# New



## MikeS (May 28, 2009)

Hi All I am Mike and I scare kids in Grand Junction Colorado.Looking forward to Halloween already, wife isn't Ha Ha


----------



## Frighteners Entertainment (Jan 24, 2006)

That's the way it is..LOL

Welcome to HauntForum MikeS!


----------



## jdubbya (Nov 6, 2005)

Welcome Mike! You'll like it here!


----------



## hedg12 (Jul 6, 2008)

Hi Mike, and welcome!


----------



## RoxyBlue (Oct 6, 2008)

Welcome to the Forum, Mike. There's always room for one more here.


----------



## Wyatt Furr (Jun 5, 2006)

Howdy and Welcome


----------



## sharpobject (May 7, 2008)

Hi and welcome !!!


----------



## Spooky1 (Aug 25, 2008)

Welcome to the forum Mike


----------



## Fiend4Halloween (Aug 28, 2008)

Scaring kids, love it!! Hello and welcome to a great forum!!


----------



## Dixie (Feb 18, 2009)

Welcome to Haunt Forum, Mike... get your wife to join the forum with you, and see if that will get her in the "spirit" !!!

Glad you are here!


----------



## Joiseygal (Sep 3, 2008)

Hey MikeS welcome!


----------



## ghubertu (Apr 10, 2009)

Hi Mike, you'll love it on here!


----------



## pyro (Oct 7, 2006)

welcome


----------



## scareme (Aug 29, 2006)

Hi and welcome to the forum.

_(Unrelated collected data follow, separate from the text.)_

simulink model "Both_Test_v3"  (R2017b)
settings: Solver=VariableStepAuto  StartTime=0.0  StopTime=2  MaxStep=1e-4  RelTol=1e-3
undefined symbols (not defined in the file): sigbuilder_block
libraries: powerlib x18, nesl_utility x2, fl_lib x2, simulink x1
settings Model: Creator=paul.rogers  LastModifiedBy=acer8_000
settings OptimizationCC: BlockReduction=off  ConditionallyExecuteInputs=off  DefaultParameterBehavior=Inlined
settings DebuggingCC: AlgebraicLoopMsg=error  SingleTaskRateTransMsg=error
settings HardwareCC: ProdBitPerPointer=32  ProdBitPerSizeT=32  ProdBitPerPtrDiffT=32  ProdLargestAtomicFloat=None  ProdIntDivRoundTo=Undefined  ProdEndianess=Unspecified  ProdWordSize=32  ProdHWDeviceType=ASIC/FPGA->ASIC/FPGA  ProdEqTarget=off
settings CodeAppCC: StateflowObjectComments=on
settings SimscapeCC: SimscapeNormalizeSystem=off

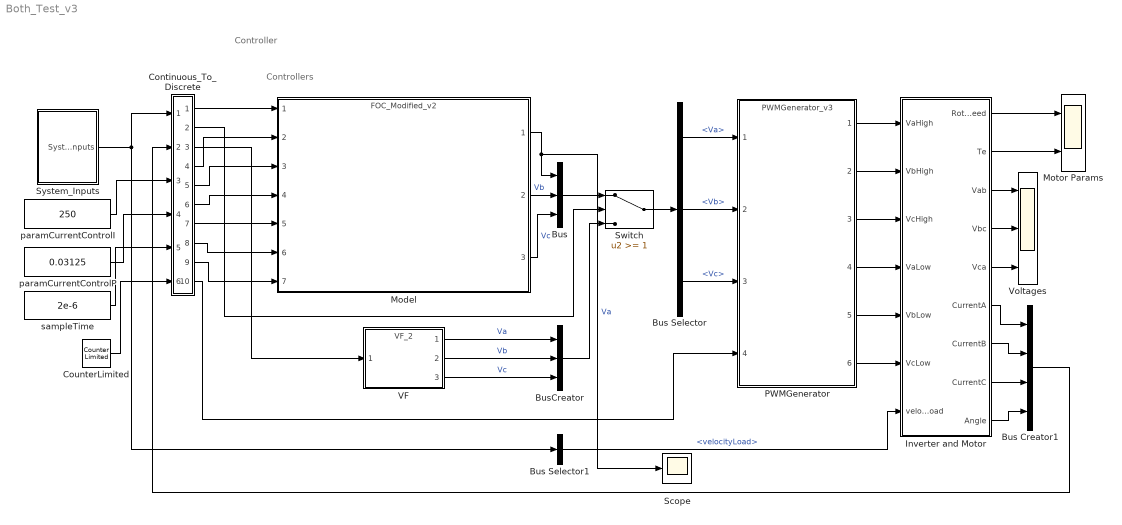
== system Both_Test_v3 ==
  note: Controllers
  note: Controller
  Bus : BusCreator  Inputs=3
  Bus Creator1 : BusCreator  Inputs=4
  Bus Selector : BusSelector  OutputSignals=Va,Vb,Vc
  Bus Selector1 : BusSelector  OutputSignals=velocityLoad
  BusCreator : BusCreator  Inputs=3
  Continuous_To_Discrete : Subsystem
      mask Display: fprintf('C/D')
  CounterLimited : simulink/Sources/Counter Limited  uplimit=50  tsamp=1e-5
  Inverter and Motor : Subsystem
  Model : ModelReference  ModelNameDialog=FOC_Modified_v2.slx  SimulationMode=Normal  ModelReferenceVersion=1.83
  Motor Params : Scope  NumInputPorts=2
  PWMGenerator : ModelReference  ModelNameDialog=PWMGenerator_v3.slx  SimulationMode=Normal  ModelReferenceVersion=1.20
  Scope : Scope
  Switch : Switch  Threshold=1
  System_Inputs : Subsystem  Description=""
      mask Display: disp('System\nInputs')
  VF : ModelReference  ModelNameDialog=VF_2.slx  SimulationMode=Normal  ModelReferenceVersion=1.58
  "Voltages " : Scope  NumInputPorts=3
  paramCurrentControlI : Constant  Value=250  OutDataTypeStr=fixdt(1,16,3)
  paramCurrentControlP : Constant  Value=0.03125  OutDataTypeStr=fixdt(1,16,8)
  sampleTime : Constant  Value=2e-6  OutDataTypeStr=fixdt(1,16,30)
  wires:
  Inverter and Motor/9(Angle) -> Bus Creator1/4
  Inverter and Motor/8(CurrentC) -> Bus Creator1/3
  Inverter and Motor/6(CurrentA) -> Bus Creator1/1
  Inverter and Motor/7(CurrentB) -> Bus Creator1/2
  paramCurrentControlP/1 -> Continuous_To_Discrete/4(paramCurrentControlP)
  paramCurrentControlI/1 -> Continuous_To_Discrete/3(paramCurrentControlI)
  System_Inputs/1(System_Inputs) -> Continuous_To_Discrete/1(System_Inputs), Bus Selector1/1
  Bus Creator1/1 -> Continuous_To_Discrete/2(Motor_Measurements)
  sampleTime/1 -> Continuous_To_Discrete/5(sampleTime)
  Bus Selector1/1 -> Inverter and Motor/7(velocityLoad)  "<velocityLoad>"
  Inverter and Motor/2(Te) -> Motor Params/2
  Inverter and Motor/1(Rotor Speed) -> Motor Params/1
  Inverter and Motor/3(Vab) -> "Voltages "/1
  Inverter and Motor/4(Vbc) -> "Voltages "/2
  Inverter and Motor/5(Vca) -> "Voltages "/3
  PWMGenerator/1 -> Inverter and Motor/1(VaHigh)
  PWMGenerator/2 -> Inverter and Motor/2(VbHigh)
  PWMGenerator/3 -> Inverter and Motor/3(VcHigh)
  PWMGenerator/4 -> Inverter and Motor/4(VaLow)
  PWMGenerator/5 -> Inverter and Motor/5(VbLow)
  PWMGenerator/6 -> Inverter and Motor/6(VcLow)
  CounterLimited/1 -> Continuous_To_Discrete/6(Counter)
  Continuous_To_Discrete/10(Counter_timed) -> PWMGenerator/4
  Switch/1 -> Bus Selector/1
  Bus Selector/3 -> PWMGenerator/3  "<Vc>"
  Bus Selector/1 -> PWMGenerator/1  "<Va>"
  Bus Selector/2 -> PWMGenerator/2  "<Vb>"
  Bus/1 -> Switch/1
  Model/1 -> Scope/1, Bus/1  "Va"
  Model/2 -> Bus/2  "Vb"
  Model/3 -> Bus/3  "Vc"
  Continuous_To_Discrete/9(sampleTime_timed) -> Model/7
  Continuous_To_Discrete/8(paramCurrentControlP_timed) -> Model/6
  Continuous_To_Discrete/7(paramCurrentControlI_timed) -> Model/5
  Continuous_To_Discrete/6(Electrical_Position) -> Model/4
  Continuous_To_Discrete/5(Phase_Current_B) -> Model/3
  Continuous_To_Discrete/4(Phase_Current_A) -> Model/2
  Continuous_To_Discrete/1(Current_Command) -> Model/1
  Continuous_To_Discrete/3(Frequency) -> VF/1
  Continuous_To_Discrete/2(Switch) -> Switch/2
  VF/3 -> BusCreator/3  "Vc"
  VF/2 -> BusCreator/2  "Vb"
  BusCreator/1 -> Switch/3
  VF/1 -> BusCreator/1  "Va"

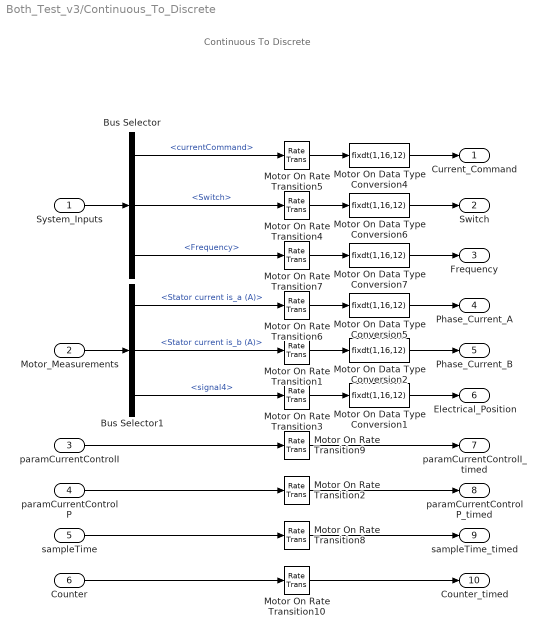
== system Both_Test_v3/Continuous_To_Discrete ==
  note: Continuous To Discrete
  System_Inputs : Inport
  Motor_Measurements : Inport  Port=2
  paramCurrentControlI : Inport  Port=3
  paramCurrentControlP : Inport  Port=4
  sampleTime : Inport  Port=5
  Counter : Inport  Port=6  OutDataTypeStr=uint8
  Bus Selector : BusSelector  OutputSignals=currentCommand,Switch,Frequency
  Bus Selector1 : BusSelector  OutputSignals=Stator current is_a (A),Stator current is_b (A),signal4
  Motor On Data Type Conversion{1..2,4..7} (6 alike) : DataTypeConversion  OutDataTypeStr=fixdt(1,16,12)
  Motor On Rate Transition{1..10} (10 alike) : RateTransition  Integrity=off  Deterministic=off  OutPortSampleTime=2e-6
  Current_Command : Outport
  Switch : Outport  Port=2
  Frequency : Outport  Port=3
  Phase_Current_A : Outport  Port=4
  Phase_Current_B : Outport  Port=5
  Electrical_Position : Outport  Port=6
  paramCurrentControlI_timed : Outport  Port=7
  paramCurrentControlP_timed : Outport  Port=8
  sampleTime_timed : Outport  Port=9
  Counter_timed : Outport  Port=10
  wires:
  Bus Selector1/3 -> Motor On Rate Transition3/1  "<signal4>"
  Bus Selector1/2 -> Motor On Rate Transition1/1  "<Stator current is_b (A)>"
  Bus Selector1/1 -> Motor On Rate Transition6/1  "<Stator current is_a (A)>"
  Motor On Data Type Conversion4/1 -> Current_Command/1
  Motor On Rate Transition6/1 -> Motor On Data Type Conversion5/1
  Motor On Rate Transition5/1 -> Motor On Data Type Conversion4/1
  Bus Selector/1 -> Motor On Rate Transition5/1  "<currentCommand>"
  Motor On Rate Transition3/1 -> Motor On Data Type Conversion1/1
  System_Inputs/1 -> Bus Selector/1
  Motor_Measurements/1 -> Bus Selector1/1
  Motor On Rate Transition1/1 -> Motor On Data Type Conversion2/1
  Motor On Rate Transition4/1 -> Motor On Data Type Conversion6/1
  Bus Selector/2 -> Motor On Rate Transition4/1  "<Switch>"
  Motor On Rate Transition7/1 -> Motor On Data Type Conversion7/1
  Bus Selector/3 -> Motor On Rate Transition7/1  "<Frequency>"
  Motor On Data Type Conversion6/1 -> Switch/1
  Motor On Data Type Conversion7/1 -> Frequency/1
  Motor On Data Type Conversion1/1 -> Electrical_Position/1
  Motor On Data Type Conversion2/1 -> Phase_Current_B/1
  Motor On Data Type Conversion5/1 -> Phase_Current_A/1
  paramCurrentControlI/1 -> Motor On Rate Transition9/1
  paramCurrentControlP/1 -> Motor On Rate Transition2/1
  sampleTime/1 -> Motor On Rate Transition8/1
  Counter/1 -> Motor On Rate Transition10/1
  Motor On Rate Transition10/1 -> Counter_timed/1
  Motor On Rate Transition8/1 -> sampleTime_timed/1
  Motor On Rate Transition2/1 -> paramCurrentControlP_timed/1
  Motor On Rate Transition9/1 -> paramCurrentControlI_timed/1

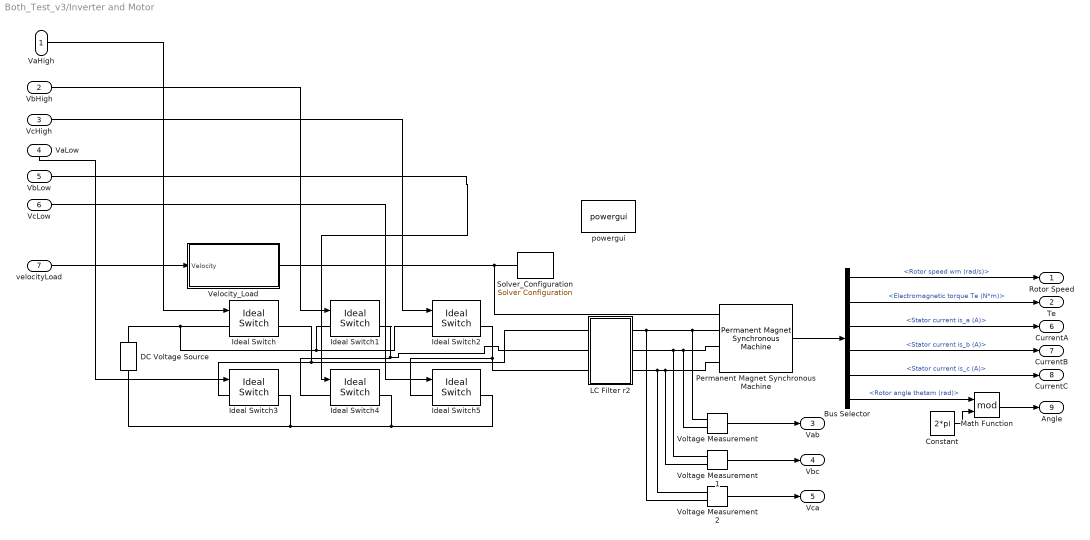
== system Both_Test_v3/Inverter and Motor ==
  VaHigh : Inport
  VbHigh : Inport  Port=2
  VcHigh : Inport  Port=3
  VaLow : Inport  Port=4
  VbLow : Inport  Port=5
  VcLow : Inport  Port=6
  velocityLoad : Inport  Port=7
  Bus Selector : BusSelector  OutputSignals=Rotor speed wm (rad/s),Electromagnetic torque Te (N*m),Stator current is_a (A),Stator current is_b (A),Stator current is_c (A),Rotor angle thetam (rad)
  Constant : Constant  Value=2*pi
  DC Voltage Source : powerlib/Electrical Sources/DC Voltage Source  Amplitude=42  Measurements=None
  Ideal Switch{,1..5} (6 alike) : powerlib/Power Electronics/Ideal Switch  Ron=0.001  Lon=0  IC=0  Rs=1e5  Cs=inf  Measurements=on
  LC Filter r2 : Subsystem  mask{L=10e-3, C=20e-6}
      mask prompts: L "Inductance"; C "Capacitance"
  Math Function : Math  Operator=mod  SaturateOnIntegerOverflow=on
  Permanent Magnet Synchronous Machine : powerlib/Machines/Permanent Magnet Synchronous Machine  NbPhases=3  FluxDistribution=Sinusoidal  RotorType=Salient-pole  MechanicalLoad=Mechanical rotational port  PresetModel=No  ShowDetailedParameters=on  MeasurementBus=off  Resistance=0.900000000000000  Inductance=8.5e-3  dqInductances=[0.001050000000000 0.001050000000000]  La=0.00049  MachineConstant=Torque Constant (N.m / A_peak)  Flux=0.005661  VoltageCst=4.1072  TorqueCst=0.033966007400000  Flat=120  Mechanical=[2.400927680000000e-06, 1.333630000000000e-05, 4, 0.002130661000000]  PolePairs=4  InitialConditions=[0,0, 0,0]  InitialConditions5ph=[0 0 0 0 0 0]  TsPowergui=0  TsBlock=-1  RefAngle=Aligned with phase A axis (original Park)
      settings: SourceProductName=Simscape Power Systems
  Solver_Configuration : nesl_utility/Solver Configuration  PhysicalDomain=network_engine_domain  SubClassName=solver  LeftPortType=input  RightPortType=generic  Accelerate=off  Tones=[]  Harmonics=[]  SimulateNoise=off  Profile=off  UseLocalSampling=off  EnableSwitchedLinearOptims=on  FrequencyDomain=off  UseCCode=off  RelTol=0.001  AbsTol=1e-06  MinStep=1e-09  ToWorkspace=off  RevertToSquareIcSolve=off  NumHomotopyIterations=100  PhasorMode=off  PhasorModeNumHarmonics=1  DoDC=off  ResidualTolerance=1e-9  UseLocalSolver=off  LocalSolverChoice=NE_BACKWARD_EULER_ADVANCER  LocalSolverSampleTime=.001  DoFixedCost=off  MaxNonlinIter=3  MaxModeIter=2  LinearAlgebra=Sparse  DelaysMemoryBudget=1024  AutomaticFiltering=on  FilteringTimeConstant=0.001
  Velocity_Load : Subsystem  VariantControl=loadType == motorLoad.disc
      mask Display:
      | image('hdlcoderVelocityLoadMask.png')
      | text(0.03, 0.5, '\omega', 'HorizontalAlignment', 'Left', 'texmode','on')
      | text(0.98, 0.5, 'R', 'HorizontalAlignment', 'Right')
  Voltage Measurement : powerlib/Measurements/Voltage Measurement  PhasorSimulation=off  OutputType=Complex  PSBequivalent=0
  Voltage Measurement1 : powerlib/Measurements/Voltage Measurement  PhasorSimulation=off  OutputType=Complex  PSBequivalent=0
  Voltage Measurement2 : powerlib/Measurements/Voltage Measurement  PhasorSimulation=off  OutputType=Complex  PSBequivalent=0
  powergui : powerlib/powergui  Priority=1  SimulationMode=Continuous  SampleTime=50e-6  frequency=60  Iterations=50  frequencyindice=0  Pbase=100e6  ErrMax=1e-4  UnitsV=kV  UnitsW=MW  buscounter=0  FunctionMessages=off  echomessages=off  EnableUseOfTLC=off  CurrentSourceSwitches=off  DisableSnubberDevices=off  DisableRonSwitches=off  DisableVfSwitches=off  DisplayEquations=off  SolverType=Tustin/Backward Euler (TBE)  Interpol=off  ExternalGateDelay=off  methode=off  Ts=100  x0status=blocks  SPID=on  SwTol=0  HookPort=off  RestoreLinks=warning  ResistiveCurrentMeasurement=off  Frange=[0:2:500]  Ylog=off  Xlog=on  ShowGrid=off  save=off  variable=ZData  structure=0  ZoomFFT=off  StartTime=0.0  cycles=1  DisplayStyle=1  fundamental=60  FreqAxis=off  MaxFrequency=1000  frequencyindicesteady=1  RmsSteady=1  display=off
  Rotor Speed : Outport
  Te : Outport  Port=2
  Vab : Outport  Port=3
  Vbc : Outport  Port=4
  Vca : Outport  Port=5
  CurrentA : Outport  Port=6
  CurrentB : Outport  Port=7
  CurrentC : Outport  Port=8
  Angle : Outport  Port=9
  wires:
  VbHigh/1 -> Ideal Switch1/1
  VcHigh/1 -> Ideal Switch2/1
  VcLow/1 -> Ideal Switch5/1
  VbLow/1 -> Ideal Switch4/1
  Permanent Magnet Synchronous Machine/1 -> Bus Selector/1
  Bus Selector/1 -> Rotor Speed/1  "<Rotor speed wm (rad/s)>"
  Bus Selector/2 -> Te/1  "<Electromagnetic torque Te (N*m)>"
  VaHigh/1 -> Ideal Switch/1
  Voltage Measurement2/1 -> Vca/1
  Voltage Measurement/1 -> Vab/1
  Voltage Measurement1/1 -> Vbc/1
  VaLow/1 -> Ideal Switch3/1
  Bus Selector/3 -> CurrentA/1  "<Stator current is_a (A)>"
  Bus Selector/4 -> CurrentB/1  "<Stator current is_b (A)>"
  Bus Selector/5 -> CurrentC/1  "<Stator current is_c (A)>"
  Bus Selector/6 -> Math Function/1  "<Rotor angle thetam (rad)>"
  Math Function/1 -> Angle/1
  Constant/1 -> Math Function/2
  velocityLoad/1 -> Velocity_Load/1(Velocity)
  connections:
  DC Voltage Source/RConn1 -- Ideal Switch2/LConn1 -- Ideal Switch1/LConn1 -- Ideal Switch/LConn1
  Ideal Switch2/RConn1 -- LC Filter r2/LConn3 -- Ideal Switch5/LConn1
  Ideal Switch1/RConn1 -- LC Filter r2/LConn2 -- Ideal Switch4/LConn1
  Ideal Switch/RConn1 -- LC Filter r2/LConn1 -- Ideal Switch3/LConn1
  DC Voltage Source/LConn1 -- Ideal Switch5/RConn1 -- Ideal Switch4/RConn1 -- Ideal Switch3/RConn1
  Solver_Configuration/RConn1 -- Permanent Magnet Synchronous Machine/LConn1 -- Velocity_Load/RConn1
  LC Filter r2/RConn1 -- Voltage Measurement2/LConn2 -- Voltage Measurement/LConn1 -- Permanent Magnet Synchronous Machine/LConn2
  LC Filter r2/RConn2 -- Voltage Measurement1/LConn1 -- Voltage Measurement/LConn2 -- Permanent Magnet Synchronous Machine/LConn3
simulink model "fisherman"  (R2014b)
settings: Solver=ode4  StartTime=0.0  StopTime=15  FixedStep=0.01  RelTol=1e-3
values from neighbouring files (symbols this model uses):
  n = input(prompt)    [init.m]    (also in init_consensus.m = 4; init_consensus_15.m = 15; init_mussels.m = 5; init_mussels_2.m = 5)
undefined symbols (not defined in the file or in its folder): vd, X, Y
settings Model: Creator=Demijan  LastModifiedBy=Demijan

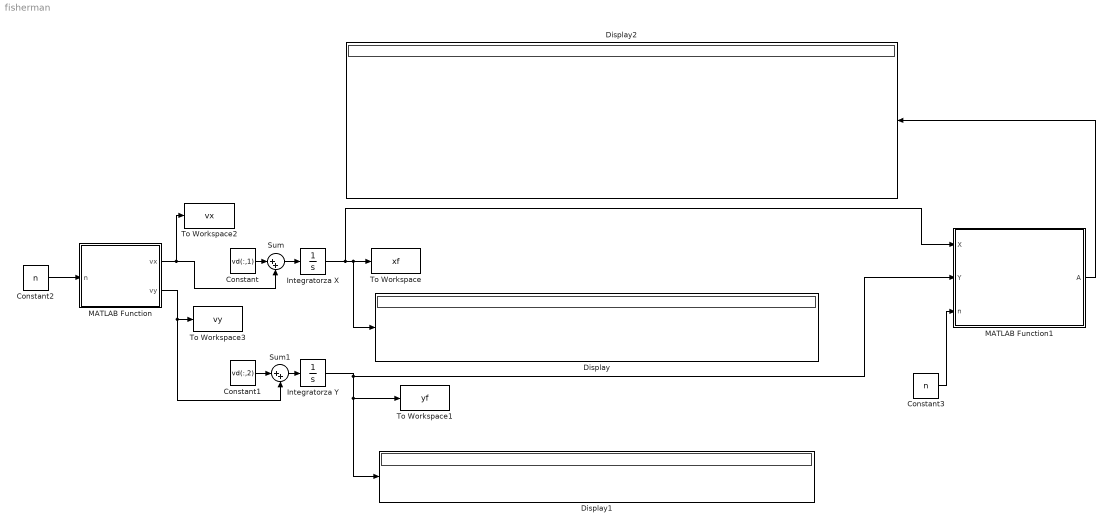
== system fisherman ==
  Constant : Constant  Value=vd(:,1)
  Constant1 : Constant  Value=vd(:,2)
  Constant2 : Constant  Value=n
  Constant3 : Constant  Value=n
  Display : Display
  Display1 : Display
  Display2 : Display
  Integratorza X : Integrator  InitialCondition=X  LimitOutput=on  UpperSaturationLimit=20  LowerSaturationLimit=0
  Integratorza Y : Integrator  InitialCondition=Y  LimitOutput=on  UpperSaturationLimit=20  LowerSaturationLimit=0
  MATLAB Function : MATLAB Function  TreatAsAtomicUnit=on
  MATLAB Function1 : MATLAB Function  TreatAsAtomicUnit=on
  Sum : Sum  Inputs=|++
  Sum1 : Sum  Inputs=|++
  To Workspace : ToWorkspace  VariableName=xf  SaveFormat=Structure  SampleTime=-1
  To Workspace1 : ToWorkspace  VariableName=yf  SaveFormat=Structure  SampleTime=-1
  To Workspace2 : ToWorkspace  VariableName=vx  SaveFormat=Structure  SampleTime=-1
  To Workspace3 : ToWorkspace  VariableName=vy  SaveFormat=Structure  SampleTime=-1
  wires:
  Integratorza Y/1 -> MATLAB Function1/2(Y), To Workspace1/1, Display1/1
  Integratorza X/1 -> MATLAB Function1/1(X), To Workspace/1, Display/1
  Constant/1 -> Sum/1
  Sum/1 -> Integratorza X/1
  Constant1/1 -> Sum1/1
  Sum1/1 -> Integratorza Y/1
  Constant2/1 -> MATLAB Function/1(n)
  MATLAB Function/1(vx) -> To Workspace2/1, Sum/2
  MATLAB Function/2(vy) -> To Workspace3/1, Sum1/2
  Constant3/1 -> MATLAB Function1/3(n)
  MATLAB Function1/1(A) -> Display2/1

== matlab function fisherman/MATLAB Function1 ==
  settings: updateMethod=DISCRETE  sampleTime=0.01
  data: X input; Y input; n input; A output
function A  = fish(X, Y, n)
A=zeros(20,20);
for i=1:n;
    for j=1:n;
        R = sqrt(((X(i)-X(j))^2+(Y(i)-Y(j))^2));
        if R < 4 && i~=j;
            A(i,j)=1;
        else
            A(i,j)=0;
        end
    end
end

== matlab function fisherman/MATLAB Function ==
  settings: updateMethod=DISCRETE  sampleTime=0.01
  data: vx output size=20 [-5..5]; vy output size=20 [-5..5]; n input
function [vx, vy] = fish(n)
vx=zeros(20,1);
vy=zeros(20,1);
for i=1:n;
    vx(i)=4*(rand-0.5);
    vy(i)=4*(rand-0.5);
end

You'll find alot of ideas here.


----------



## spideranne (Jul 17, 2006)

Welcome!


----------



## Devils Chariot (May 23, 2007)

I hope you like it here Mike. IMHO this the best forum for haunters. Good people and a great color scheme (not just gray like all those other forums).


----------



## Vlad (Aug 2, 2005)

Welcome to the forum Mike


----------



## IMU (Apr 8, 2009)

Hiya & Welcome!


----------



## HauntCast (Jul 25, 2008)

Good to have you at Haunt Forum. Mix and mingle nicely with the rest of the inmates


----------